═════ SOURCE RECORDS ═════

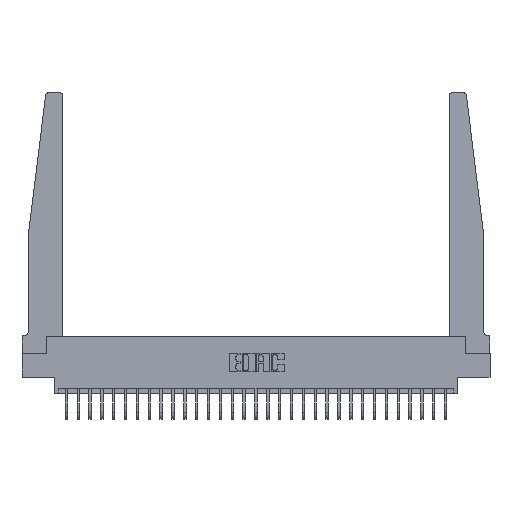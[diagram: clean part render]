
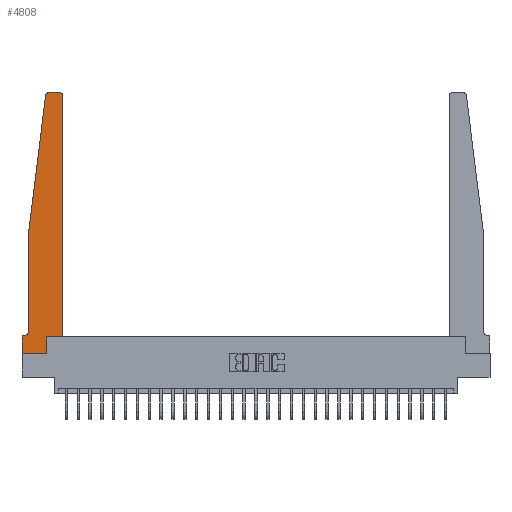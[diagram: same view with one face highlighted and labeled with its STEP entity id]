
A CAD part, top view. The second image highlights one B-rep face of the part: STEP entity #4808.
In plain terms, the highlighted planar face has unit normal (0, 0, 1).
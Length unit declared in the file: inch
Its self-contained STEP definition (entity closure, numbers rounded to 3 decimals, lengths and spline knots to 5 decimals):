
#185 = EDGE_CURVE ( 'NONE', #29278, #1324, #24781, .T. ) ;
#411 = ORIENTED_EDGE ( 'NONE', *, *, #13533, .T. ) ;
#426 = VECTOR ( 'NONE', #27130, 39.37008 ) ;
#734 = ORIENTED_EDGE ( 'NONE', *, *, #16554, .T. ) ;
#985 = LINE ( 'NONE', #24677, #1708 ) ;
#1320 = DIRECTION ( 'NONE',  ( -1., 0., 0. ) ) ;
#1324 = VERTEX_POINT ( 'NONE', #20776 ) ;
#1534 = LINE ( 'NONE', #3242, #13670 ) ;
#1631 = DIRECTION ( 'NONE',  ( 1., 0., 0. ) ) ;
#1708 = VECTOR ( 'NONE', #11035, 39.37008 ) ;
#1882 = CARTESIAN_POINT ( 'NONE',  ( 0.27653, 2.72, 0.37 ) ) ;
#2620 = VERTEX_POINT ( 'NONE', #24080 ) ;
#2958 = CARTESIAN_POINT ( 'NONE',  ( 0.2605, 0.18, 0.37 ) ) ;
#3242 = CARTESIAN_POINT ( 'NONE',  ( 0., 0., 0.37 ) ) ;
#3476 = CARTESIAN_POINT ( 'NONE',  ( 0., 0.1875, 0.37 ) ) ;
#3529 = VERTEX_POINT ( 'NONE', #5113 ) ;
#3697 = AXIS2_PLACEMENT_3D ( 'NONE', #10511, #24370, #1631 ) ;
#4083 = DIRECTION ( 'NONE',  ( 0., 0., 1. ) ) ;
#4115 = VERTEX_POINT ( 'NONE', #20234 ) ;
#4319 = ORIENTED_EDGE ( 'NONE', *, *, #18653, .T. ) ;
#4469 = EDGE_CURVE ( 'NONE', #22504, #23706, #985, .T. ) ;
#4523 = DIRECTION ( 'NONE',  ( -1., 0., 0. ) ) ;
#4808 = ADVANCED_FACE ( 'NONE', ( #12882 ), #7647, .T. ) ;
#5018 = EDGE_CURVE ( 'NONE', #14732, #23446, #28476, .T. ) ;
#5039 = ORIENTED_EDGE ( 'NONE', *, *, #185, .T. ) ;
#5113 = CARTESIAN_POINT ( 'NONE',  ( 0.24675, 2.72367, 0.37 ) ) ;
#5219 = DIRECTION ( 'NONE',  ( 1., 0., 0. ) ) ;
#5908 = EDGE_CURVE ( 'NONE', #1324, #14732, #18866, .T. ) ;
#6376 = DIRECTION ( 'NONE',  ( 1., 0., 0. ) ) ;
#6696 = CARTESIAN_POINT ( 'NONE',  ( 0.425, 2.72, 0.37 ) ) ;
#6762 = VECTOR ( 'NONE', #16448, 39.37008 ) ;
#7061 = EDGE_CURVE ( 'NONE', #4115, #7429, #11357, .T. ) ;
#7107 = DIRECTION ( 'NONE',  ( -1., 0., 0. ) ) ;
#7289 = CIRCLE ( 'NONE', #11770, 0.05 ) ;
#7429 = VERTEX_POINT ( 'NONE', #28137 ) ;
#7647 = PLANE ( 'NONE',  #24800 ) ;
#7930 = LINE ( 'NONE', #15649, #426 ) ;
#8002 = DIRECTION ( 'NONE',  ( 0., 0., -1. ) ) ;
#8214 = VERTEX_POINT ( 'NONE', #21723 ) ;
#8441 = CARTESIAN_POINT ( 'NONE',  ( 0.065, 1.25, 0.37 ) ) ;
#9021 = ORIENTED_EDGE ( 'NONE', *, *, #28478, .T. ) ;
#10109 = CARTESIAN_POINT ( 'NONE',  ( 0.015, 0.2375, 0.37 ) ) ;
#10511 = CARTESIAN_POINT ( 'NONE',  ( 0.395, 2.72, 0.37 ) ) ;
#10552 = CIRCLE ( 'NONE', #3697, 0.03 ) ;
#10899 = VECTOR ( 'NONE', #4523, 39.37008 ) ;
#11035 = DIRECTION ( 'NONE',  ( 0., -1., 0. ) ) ;
#11357 = LINE ( 'NONE', #22407, #15626 ) ;
#11770 = AXIS2_PLACEMENT_3D ( 'NONE', #10109, #8002, #1320 ) ;
#12798 = VECTOR ( 'NONE', #29136, 39.37008 ) ;
#12812 = EDGE_CURVE ( 'NONE', #23446, #4115, #10552, .T. ) ;
#12882 = FACE_OUTER_BOUND ( 'NONE', #18659, .T. ) ;
#12932 = ORIENTED_EDGE ( 'NONE', *, *, #7061, .T. ) ;
#13108 = CARTESIAN_POINT ( 'NONE',  ( 0., 0., 0.37 ) ) ;
#13533 = EDGE_CURVE ( 'NONE', #23706, #29278, #1534, .T. ) ;
#13670 = VECTOR ( 'NONE', #5219, 39.37008 ) ;
#14393 = DIRECTION ( 'NONE',  ( 0., 1., 0. ) ) ;
#14726 = DIRECTION ( 'NONE',  ( 1., 0., 0. ) ) ;
#14732 = VERTEX_POINT ( 'NONE', #26765 ) ;
#15203 = LINE ( 'NONE', #8441, #24510 ) ;
#15626 = VECTOR ( 'NONE', #7107, 39.37008 ) ;
#15649 = CARTESIAN_POINT ( 'NONE',  ( 0.065, 1.25, 0.37 ) ) ;
#15794 = CARTESIAN_POINT ( 'NONE',  ( 0.2605, 0., 0.37 ) ) ;
#16448 = DIRECTION ( 'NONE',  ( 1., 0., 0. ) ) ;
#16477 = ORIENTED_EDGE ( 'NONE', *, *, #16726, .T. ) ;
#16554 = EDGE_CURVE ( 'NONE', #27752, #2620, #7289, .T. ) ;
#16726 = EDGE_CURVE ( 'NONE', #2620, #22504, #19077, .T. ) ;
#17507 = AXIS2_PLACEMENT_3D ( 'NONE', #1882, #4083, #6376 ) ;
#17791 = EDGE_CURVE ( 'NONE', #8214, #27752, #15203, .T. ) ;
#18186 = ORIENTED_EDGE ( 'NONE', *, *, #5908, .T. ) ;
#18653 = EDGE_CURVE ( 'NONE', #7429, #3529, #19005, .T. ) ;
#18659 = EDGE_LOOP ( 'NONE', ( #12932, #4319, #9021, #24553, #734, #16477, #26787, #411, #5039, #18186, #19692, #27854 ) ) ;
#18866 = LINE ( 'NONE', #25719, #6762 ) ;
#19005 = CIRCLE ( 'NONE', #17507, 0.03 ) ;
#19077 = LINE ( 'NONE', #25734, #10899 ) ;
#19692 = ORIENTED_EDGE ( 'NONE', *, *, #5018, .T. ) ;
#20234 = CARTESIAN_POINT ( 'NONE',  ( 0.395, 2.75, 0.37 ) ) ;
#20776 = CARTESIAN_POINT ( 'NONE',  ( 0.2605, 0.18, 0.37 ) ) ;
#21723 = CARTESIAN_POINT ( 'NONE',  ( 0.065, 1.25, 0.37 ) ) ;
#22407 = CARTESIAN_POINT ( 'NONE',  ( 0.25, 2.75, 0.37 ) ) ;
#22504 = VERTEX_POINT ( 'NONE', #3476 ) ;
#22705 = DIRECTION ( 'NONE',  ( 0., -1., 0. ) ) ;
#23446 = VERTEX_POINT ( 'NONE', #6696 ) ;
#23706 = VERTEX_POINT ( 'NONE', #13108 ) ;
#23711 = VECTOR ( 'NONE', #14393, 39.37008 ) ;
#24080 = CARTESIAN_POINT ( 'NONE',  ( 0.015, 0.1875, 0.37 ) ) ;
#24370 = DIRECTION ( 'NONE',  ( 0., 0., 1. ) ) ;
#24377 = CARTESIAN_POINT ( 'NONE',  ( 0.065, 0.2375, 0.37 ) ) ;
#24510 = VECTOR ( 'NONE', #22705, 39.37008 ) ;
#24553 = ORIENTED_EDGE ( 'NONE', *, *, #17791, .T. ) ;
#24677 = CARTESIAN_POINT ( 'NONE',  ( 0., 0., 0.37 ) ) ;
#24781 = LINE ( 'NONE', #2958, #23711 ) ;
#24800 = AXIS2_PLACEMENT_3D ( 'NONE', #28061, #25880, #14726 ) ;
#25719 = CARTESIAN_POINT ( 'NONE',  ( 0.425, 0.18, 0.37 ) ) ;
#25734 = CARTESIAN_POINT ( 'NONE',  ( 0.065, 0.1875, 0.37 ) ) ;
#25880 = DIRECTION ( 'NONE',  ( 0., 0., 1. ) ) ;
#26765 = CARTESIAN_POINT ( 'NONE',  ( 0.425, 0.18, 0.37 ) ) ;
#26787 = ORIENTED_EDGE ( 'NONE', *, *, #4469, .T. ) ;
#26791 = CARTESIAN_POINT ( 'NONE',  ( 0.425, 0.18, 0.37 ) ) ;
#27130 = DIRECTION ( 'NONE',  ( -0.122, -0.992, 0. ) ) ;
#27752 = VERTEX_POINT ( 'NONE', #24377 ) ;
#27854 = ORIENTED_EDGE ( 'NONE', *, *, #12812, .T. ) ;
#28061 = CARTESIAN_POINT ( 'NONE',  ( 0., 0.1875, 0.37 ) ) ;
#28137 = CARTESIAN_POINT ( 'NONE',  ( 0.27653, 2.75, 0.37 ) ) ;
#28476 = LINE ( 'NONE', #26791, #12798 ) ;
#28478 = EDGE_CURVE ( 'NONE', #3529, #8214, #7930, .T. ) ;
#29136 = DIRECTION ( 'NONE',  ( 0., 1., 0. ) ) ;
#29278 = VERTEX_POINT ( 'NONE', #15794 ) ;
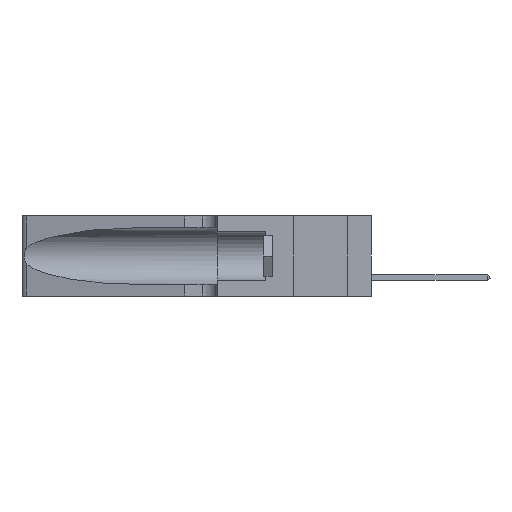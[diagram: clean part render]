
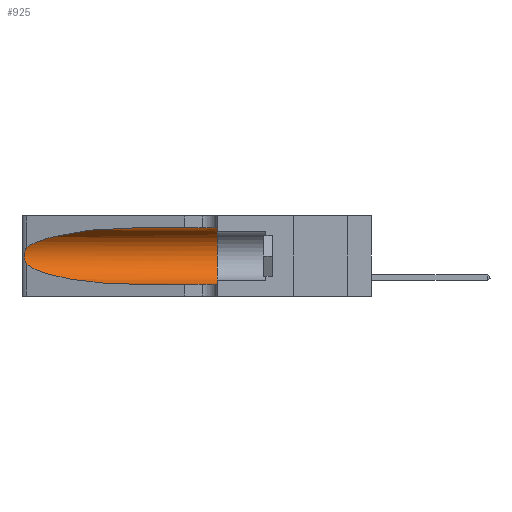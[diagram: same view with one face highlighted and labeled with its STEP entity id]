
A CAD part, left-side view. The second image highlights one B-rep face of the part: STEP entity #925.
In plain terms, the highlighted cylindrical face has radius 3.308 mm (diameter 6.617 mm), a partial arc.
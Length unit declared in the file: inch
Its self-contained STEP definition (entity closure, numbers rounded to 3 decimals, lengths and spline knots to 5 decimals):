
#410 = CARTESIAN_POINT ( 'NONE',  ( 0.18966, 0.96281, 0.31525 ) ) ;
#536 = AXIS2_PLACEMENT_3D ( 'NONE', #7826, #24264, #11922 ) ;
#689 = CARTESIAN_POINT ( 'NONE',  ( 0.1305, 1.61858, 0.31525 ) ) ;
#870 = CARTESIAN_POINT ( 'NONE',  ( 0.25487, 1.22718, 0.22369 ) ) ;
#925 = ADVANCED_FACE ( 'NONE', ( #7799 ), #13868, .F. ) ;
#1193 = CARTESIAN_POINT ( 'NONE',  ( 0.1305, 1.61858, 0.185 ) ) ;
#1276 = CARTESIAN_POINT ( 'NONE',  ( 0.25856, 1.23593, 0.16098 ) ) ;
#1287 =( BOUNDED_CURVE ( )  B_SPLINE_CURVE ( 3, ( #19634, #5192, #23775, #15300 ),
 .UNSPECIFIED., .F., .T. ) 
 B_SPLINE_CURVE_WITH_KNOTS ( ( 4, 4 ),
 ( 3.44316, 4.71239 ),
 .UNSPECIFIED. ) 
 CURVE ( )  GEOMETRIC_REPRESENTATION_ITEM ( )  RATIONAL_B_SPLINE_CURVE ( ( 1., 0.87, 0.87, 1. ) ) 
 REPRESENTATION_ITEM ( '' )  );
#1409 = DIRECTION ( 'NONE',  ( 0., -1., 0. ) ) ;
#2575 = CARTESIAN_POINT ( 'NONE',  ( 0.1305, 0.72297, 0.31525 ) ) ;
#3420 = VERTEX_POINT ( 'NONE', #14560 ) ;
#3459 = ORIENTED_EDGE ( 'NONE', *, *, #3870, .T. ) ;
#3516 = CARTESIAN_POINT ( 'NONE',  ( 0.25789, 1.23486, 0.15765 ) ) ;
#3870 = EDGE_CURVE ( 'NONE', #22894, #8590, #14349, .T. ) ;
#4052 = DIRECTION ( 'NONE',  ( 0., 0., -1. ) ) ;
#4432 = CARTESIAN_POINT ( 'NONE',  ( 0.25487, 1.22718, 0.22369 ) ) ;
#4569 = AXIS2_PLACEMENT_3D ( 'NONE', #1193, #21675, #4052 ) ;
#4648 = CARTESIAN_POINT ( 'NONE',  ( 0.1305, 0.35, 0.31525 ) ) ;
#5192 = CARTESIAN_POINT ( 'NONE',  ( 0.2373, 1.15595, 0.08982 ) ) ;
#6901 = EDGE_CURVE ( 'NONE', #12068, #13662, #10898, .T. ) ;
#7421 = CARTESIAN_POINT ( 'NONE',  ( 0.25639, 1.23186, 0.15144 ) ) ;
#7693 = CARTESIAN_POINT ( 'NONE',  ( 0.26017, 1.23833, 0.17102 ) ) ;
#7799 = FACE_OUTER_BOUND ( 'NONE', #14901, .T. ) ;
#7826 = CARTESIAN_POINT ( 'NONE',  ( 0.1305, 0.35, 0.185 ) ) ;
#8590 = VERTEX_POINT ( 'NONE', #870 ) ;
#9244 = ORIENTED_EDGE ( 'NONE', *, *, #19652, .T. ) ;
#9536 = ORIENTED_EDGE ( 'NONE', *, *, #20752, .T. ) ;
#10898 = CIRCLE ( 'NONE', #536, 0.13025 ) ;
#11234 = CARTESIAN_POINT ( 'NONE',  ( 0.25487, 1.22718, 0.14631 ) ) ;
#11513 = CARTESIAN_POINT ( 'NONE',  ( 0.26018, 1.23835, 0.19895 ) ) ;
#11625 = ORIENTED_EDGE ( 'NONE', *, *, #24543, .T. ) ;
#11922 = DIRECTION ( 'NONE',  ( 0., 0., 1. ) ) ;
#12068 = VERTEX_POINT ( 'NONE', #4648 ) ;
#13580 = CARTESIAN_POINT ( 'NONE',  ( 0.25555, 1.22993, 0.14849 ) ) ;
#13662 = VERTEX_POINT ( 'NONE', #18364 ) ;
#13673 = CARTESIAN_POINT ( 'NONE',  ( 0.25487, 1.22718, 0.14631 ) ) ;
#13868 = CYLINDRICAL_SURFACE ( 'NONE', #4569, 0.13025 ) ;
#13932 = LINE ( 'NONE', #19955, #16759 ) ;
#14100 = CARTESIAN_POINT ( 'NONE',  ( 0.1305, 0.72297, 0.31525 ) ) ;
#14349 =( BOUNDED_CURVE ( )  B_SPLINE_CURVE ( 3, ( #2575, #410, #16642, #4432 ),
 .UNSPECIFIED., .F., .F. ) 
 B_SPLINE_CURVE_WITH_KNOTS ( ( 4, 4 ),
 ( 1.5708, 2.84003 ),
 .UNSPECIFIED. ) 
 CURVE ( )  GEOMETRIC_REPRESENTATION_ITEM ( )  RATIONAL_B_SPLINE_CURVE ( ( 1., 0.87, 0.87, 1. ) ) 
 REPRESENTATION_ITEM ( '' )  );
#14560 = CARTESIAN_POINT ( 'NONE',  ( 0.1305, 0.72297, 0.05475 ) ) ;
#14865 = B_SPLINE_CURVE_WITH_KNOTS ( 'NONE', 3,
 ( #23679, #15745, #23868, #15823, #19994, #11513, #25881, #17599, #7693, #1276, #3516, #7421, #13580, #13673 ),
 .UNSPECIFIED., .F., .F.,
 ( 4, 2, 2, 2, 2, 2, 4 ),
 ( 0., 0.00027, 0.00053, 0.00107, 0.0016, 0.00187, 0.00214 ),
 .UNSPECIFIED. ) ;
#14901 = EDGE_LOOP ( 'NONE', ( #3459, #11625, #9244, #9536, #25536, #17864 ) ) ;
#15267 = EDGE_CURVE ( 'NONE', #22894, #12068, #16097, .T. ) ;
#15300 = CARTESIAN_POINT ( 'NONE',  ( 0.1305, 0.72297, 0.05475 ) ) ;
#15745 = CARTESIAN_POINT ( 'NONE',  ( 0.25555, 1.22994, 0.2215 ) ) ;
#15823 = CARTESIAN_POINT ( 'NONE',  ( 0.25787, 1.23484, 0.2124 ) ) ;
#16097 = LINE ( 'NONE', #689, #17405 ) ;
#16642 = CARTESIAN_POINT ( 'NONE',  ( 0.2373, 1.15595, 0.28018 ) ) ;
#16759 = VECTOR ( 'NONE', #1409, 39.37008 ) ;
#17405 = VECTOR ( 'NONE', #23006, 39.37008 ) ;
#17599 = CARTESIAN_POINT ( 'NONE',  ( 0.26075, 1.23896, 0.178 ) ) ;
#17864 = ORIENTED_EDGE ( 'NONE', *, *, #15267, .F. ) ;
#18364 = CARTESIAN_POINT ( 'NONE',  ( 0.1305, 0.35, 0.05475 ) ) ;
#19634 = CARTESIAN_POINT ( 'NONE',  ( 0.25487, 1.22718, 0.14631 ) ) ;
#19645 = VERTEX_POINT ( 'NONE', #11234 ) ;
#19652 = EDGE_CURVE ( 'NONE', #19645, #3420, #1287, .T. ) ;
#19955 = CARTESIAN_POINT ( 'NONE',  ( 0.1305, 1.61858, 0.05475 ) ) ;
#19994 = CARTESIAN_POINT ( 'NONE',  ( 0.25854, 1.2359, 0.20912 ) ) ;
#20752 = EDGE_CURVE ( 'NONE', #3420, #13662, #13932, .T. ) ;
#21675 = DIRECTION ( 'NONE',  ( 0., -1., 0. ) ) ;
#22894 = VERTEX_POINT ( 'NONE', #14100 ) ;
#23006 = DIRECTION ( 'NONE',  ( 0., -1., 0. ) ) ;
#23679 = CARTESIAN_POINT ( 'NONE',  ( 0.25487, 1.22718, 0.22369 ) ) ;
#23775 = CARTESIAN_POINT ( 'NONE',  ( 0.18966, 0.96281, 0.05475 ) ) ;
#23868 = CARTESIAN_POINT ( 'NONE',  ( 0.25639, 1.23184, 0.21858 ) ) ;
#24264 = DIRECTION ( 'NONE',  ( 0., 1., 0. ) ) ;
#24543 = EDGE_CURVE ( 'NONE', #8590, #19645, #14865, .T. ) ;
#25536 = ORIENTED_EDGE ( 'NONE', *, *, #6901, .F. ) ;
#25881 = CARTESIAN_POINT ( 'NONE',  ( 0.26075, 1.23896, 0.19203 ) ) ;
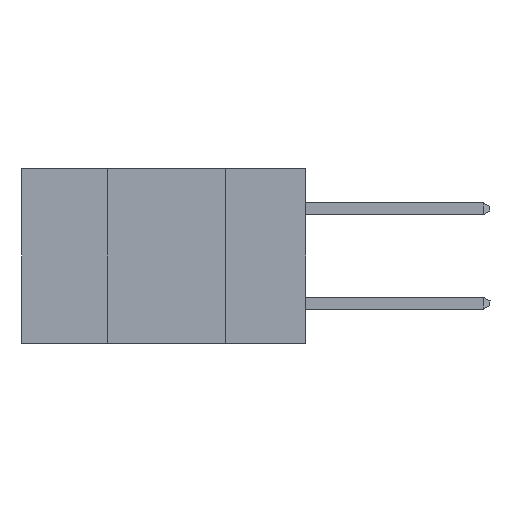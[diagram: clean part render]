
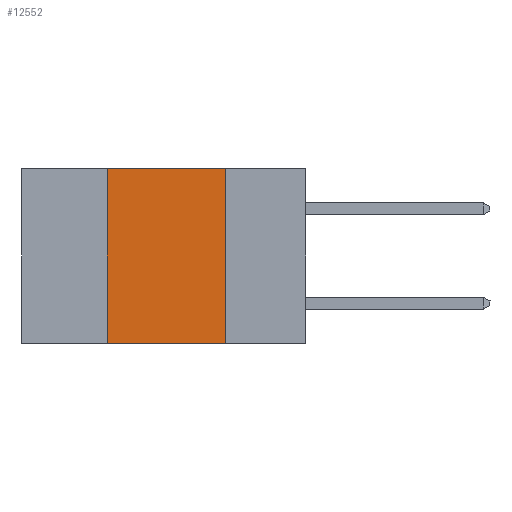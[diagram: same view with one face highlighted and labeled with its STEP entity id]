
A CAD part, left-side view. The second image highlights one B-rep face of the part: STEP entity #12552.
In plain terms, the highlighted planar face has unit normal (-1, 0, 0).
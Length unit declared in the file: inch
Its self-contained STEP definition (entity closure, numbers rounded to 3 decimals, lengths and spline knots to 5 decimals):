
#81 = DIRECTION ( 'NONE',  ( 0., 0., -1. ) ) ;
#99 = CARTESIAN_POINT ( 'NONE',  ( 0., 0.17, -0.37 ) ) ;
#383 = LINE ( 'NONE', #9784, #9904 ) ;
#774 = LINE ( 'NONE', #7814, #7329 ) ;
#849 = DIRECTION ( 'NONE',  ( 0., 0., 1. ) ) ;
#914 = CARTESIAN_POINT ( 'NONE',  ( 0., 0.42, -0.37 ) ) ;
#1212 = CARTESIAN_POINT ( 'NONE',  ( 0., 0.42, 0. ) ) ;
#1248 = EDGE_LOOP ( 'NONE', ( #6093, #4840, #8673, #13155 ) ) ;
#3935 = VERTEX_POINT ( 'NONE', #14248 ) ;
#4078 = VECTOR ( 'NONE', #81, 39.37008 ) ;
#4660 = VERTEX_POINT ( 'NONE', #15802 ) ;
#4840 = ORIENTED_EDGE ( 'NONE', *, *, #14012, .F. ) ;
#4902 = LINE ( 'NONE', #99, #4078 ) ;
#4958 = VECTOR ( 'NONE', #849, 39.37008 ) ;
#5345 = LINE ( 'NONE', #914, #4958 ) ;
#6093 = ORIENTED_EDGE ( 'NONE', *, *, #11773, .F. ) ;
#6880 = EDGE_CURVE ( 'NONE', #15389, #3935, #383, .T. ) ;
#7329 = VECTOR ( 'NONE', #10437, 39.37008 ) ;
#7814 = CARTESIAN_POINT ( 'NONE',  ( 0., 0.6, 0. ) ) ;
#8381 = AXIS2_PLACEMENT_3D ( 'NONE', #8930, #8872, #8854 ) ;
#8673 = ORIENTED_EDGE ( 'NONE', *, *, #9153, .F. ) ;
#8854 = DIRECTION ( 'NONE',  ( 0., 0., -1. ) ) ;
#8872 = DIRECTION ( 'NONE',  ( 1., 0., 0. ) ) ;
#8896 = PLANE ( 'NONE',  #8381 ) ;
#8930 = CARTESIAN_POINT ( 'NONE',  ( 0., 0.6, 0. ) ) ;
#9153 = EDGE_CURVE ( 'NONE', #15389, #13926, #5345, .T. ) ;
#9368 = CARTESIAN_POINT ( 'NONE',  ( 0., 0.42, -0.37 ) ) ;
#9784 = CARTESIAN_POINT ( 'NONE',  ( 0., 0.6, -0.37 ) ) ;
#9904 = VECTOR ( 'NONE', #10085, 39.37008 ) ;
#10085 = DIRECTION ( 'NONE',  ( 0., -1., 0. ) ) ;
#10437 = DIRECTION ( 'NONE',  ( 0., -1., 0. ) ) ;
#11773 = EDGE_CURVE ( 'NONE', #4660, #3935, #4902, .T. ) ;
#12535 = FACE_OUTER_BOUND ( 'NONE', #1248, .T. ) ;
#12552 = ADVANCED_FACE ( 'NONE', ( #12535 ), #8896, .F. ) ;
#13155 = ORIENTED_EDGE ( 'NONE', *, *, #6880, .T. ) ;
#13926 = VERTEX_POINT ( 'NONE', #1212 ) ;
#14012 = EDGE_CURVE ( 'NONE', #13926, #4660, #774, .T. ) ;
#14248 = CARTESIAN_POINT ( 'NONE',  ( 0., 0.17, -0.37 ) ) ;
#15389 = VERTEX_POINT ( 'NONE', #9368 ) ;
#15802 = CARTESIAN_POINT ( 'NONE',  ( 0., 0.17, 0. ) ) ;

═════

Starting at the line with "#4469 = EDGE_CURVE" and ending at the line with "#5039 = ORIENTED_EDGE", print each line of the listing above exactly, with no other lines.

**RESPONSE BELOW**
#4469 = EDGE_CURVE ( 'NONE', #22504, #23706, #985, .T. ) ;
#4523 = DIRECTION ( 'NONE',  ( -1., 0., 0. ) ) ;
#4808 = ADVANCED_FACE ( 'NONE', ( #12882 ), #7647, .T. ) ;
#5018 = EDGE_CURVE ( 'NONE', #14732, #23446, #28476, .T. ) ;
#5039 = ORIENTED_EDGE ( 'NONE', *, *, #185, .T. ) ;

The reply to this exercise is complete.